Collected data
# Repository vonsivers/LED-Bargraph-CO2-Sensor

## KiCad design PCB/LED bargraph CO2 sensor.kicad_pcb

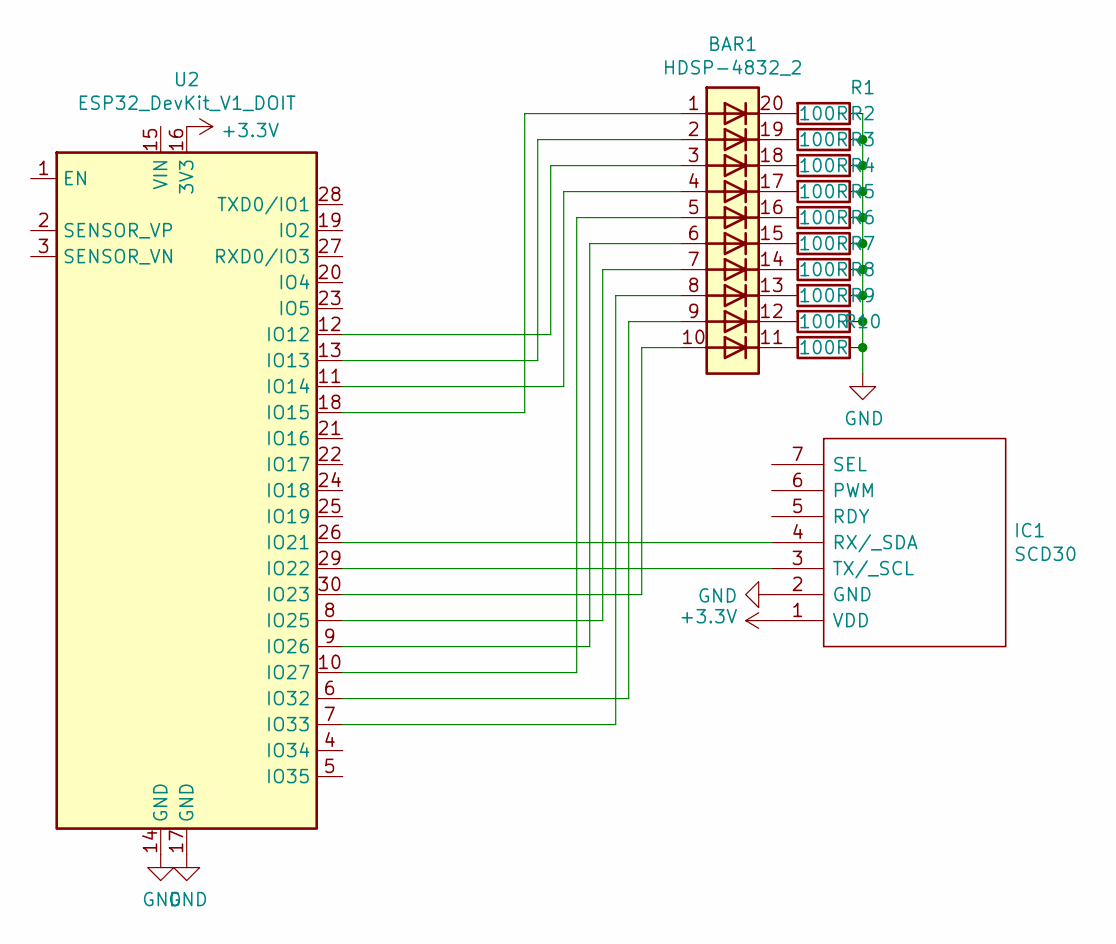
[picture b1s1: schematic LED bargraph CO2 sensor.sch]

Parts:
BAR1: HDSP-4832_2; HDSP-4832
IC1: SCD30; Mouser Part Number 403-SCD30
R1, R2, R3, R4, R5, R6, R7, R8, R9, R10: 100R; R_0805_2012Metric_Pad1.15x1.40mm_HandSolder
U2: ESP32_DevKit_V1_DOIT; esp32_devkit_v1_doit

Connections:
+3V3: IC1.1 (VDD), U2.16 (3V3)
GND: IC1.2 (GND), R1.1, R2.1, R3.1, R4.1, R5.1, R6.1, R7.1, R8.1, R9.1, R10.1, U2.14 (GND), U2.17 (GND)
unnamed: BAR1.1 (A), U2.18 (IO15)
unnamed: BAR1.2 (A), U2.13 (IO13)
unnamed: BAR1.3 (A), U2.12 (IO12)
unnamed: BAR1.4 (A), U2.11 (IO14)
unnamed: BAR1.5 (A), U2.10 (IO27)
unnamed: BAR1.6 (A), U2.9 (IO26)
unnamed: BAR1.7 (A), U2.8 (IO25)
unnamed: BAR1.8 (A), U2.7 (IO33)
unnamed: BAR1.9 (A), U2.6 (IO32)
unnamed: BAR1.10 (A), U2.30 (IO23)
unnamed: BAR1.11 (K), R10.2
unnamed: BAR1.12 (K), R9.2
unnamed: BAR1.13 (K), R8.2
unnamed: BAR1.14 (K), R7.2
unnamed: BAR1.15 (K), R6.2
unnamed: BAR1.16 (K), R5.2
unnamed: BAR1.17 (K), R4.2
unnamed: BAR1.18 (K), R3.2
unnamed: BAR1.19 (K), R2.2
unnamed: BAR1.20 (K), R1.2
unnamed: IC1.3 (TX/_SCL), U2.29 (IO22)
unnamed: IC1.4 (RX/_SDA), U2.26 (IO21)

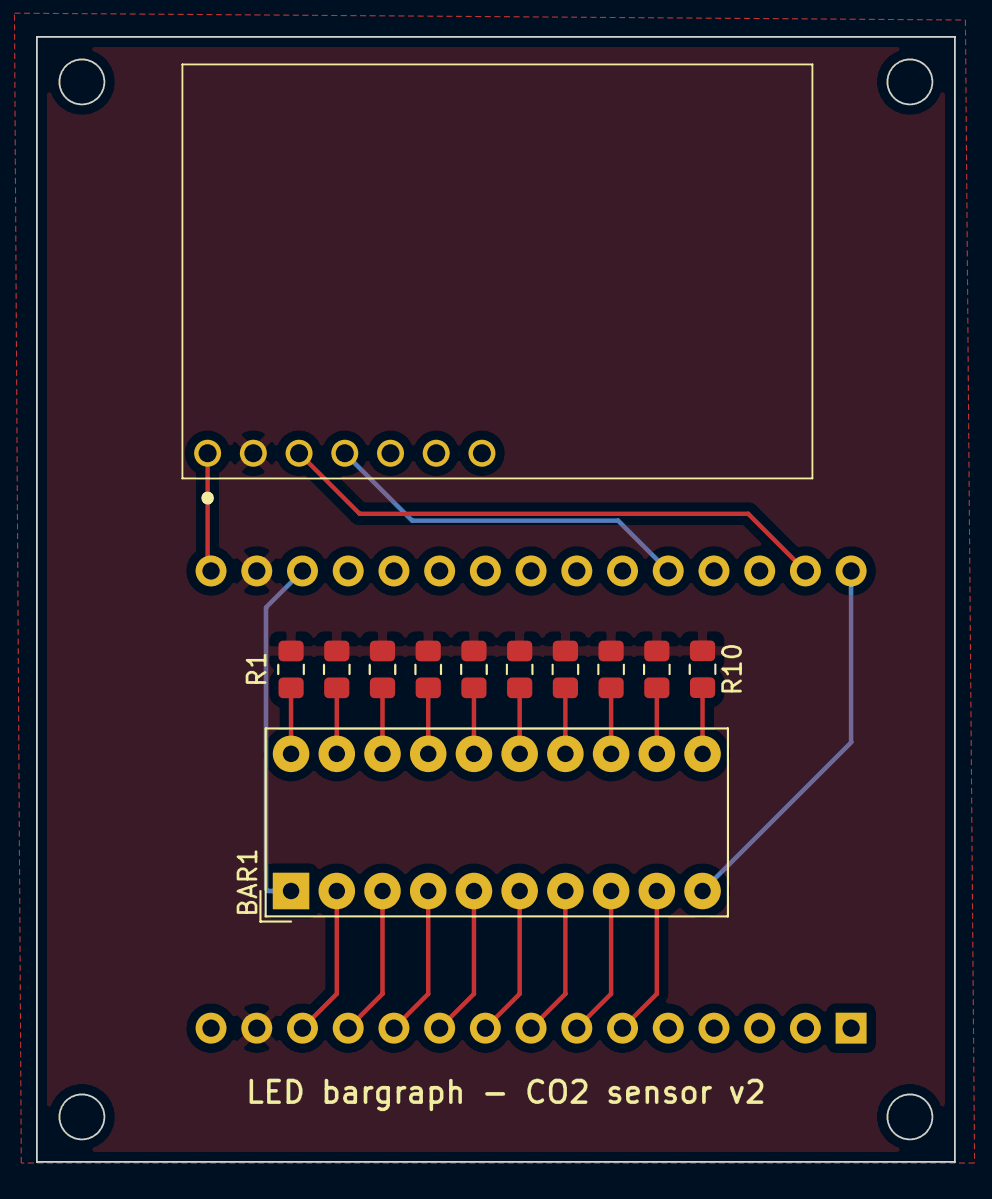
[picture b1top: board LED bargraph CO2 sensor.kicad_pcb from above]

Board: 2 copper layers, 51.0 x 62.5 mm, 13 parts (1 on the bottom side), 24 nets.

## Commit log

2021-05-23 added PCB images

→ WHAT TO PRODUCE
Begin with the line that contains "[picture b1top: board" and quote each line after it exactly, stopping after the last line of the data.

→ ANSWER TO THIS EXERCISE
[picture b1top: board LED bargraph CO2 sensor.kicad_pcb from above]

Board: 2 copper layers, 51.0 x 62.5 mm, 13 parts (1 on the bottom side), 24 nets.

## Commit log

2021-05-23 added PCB images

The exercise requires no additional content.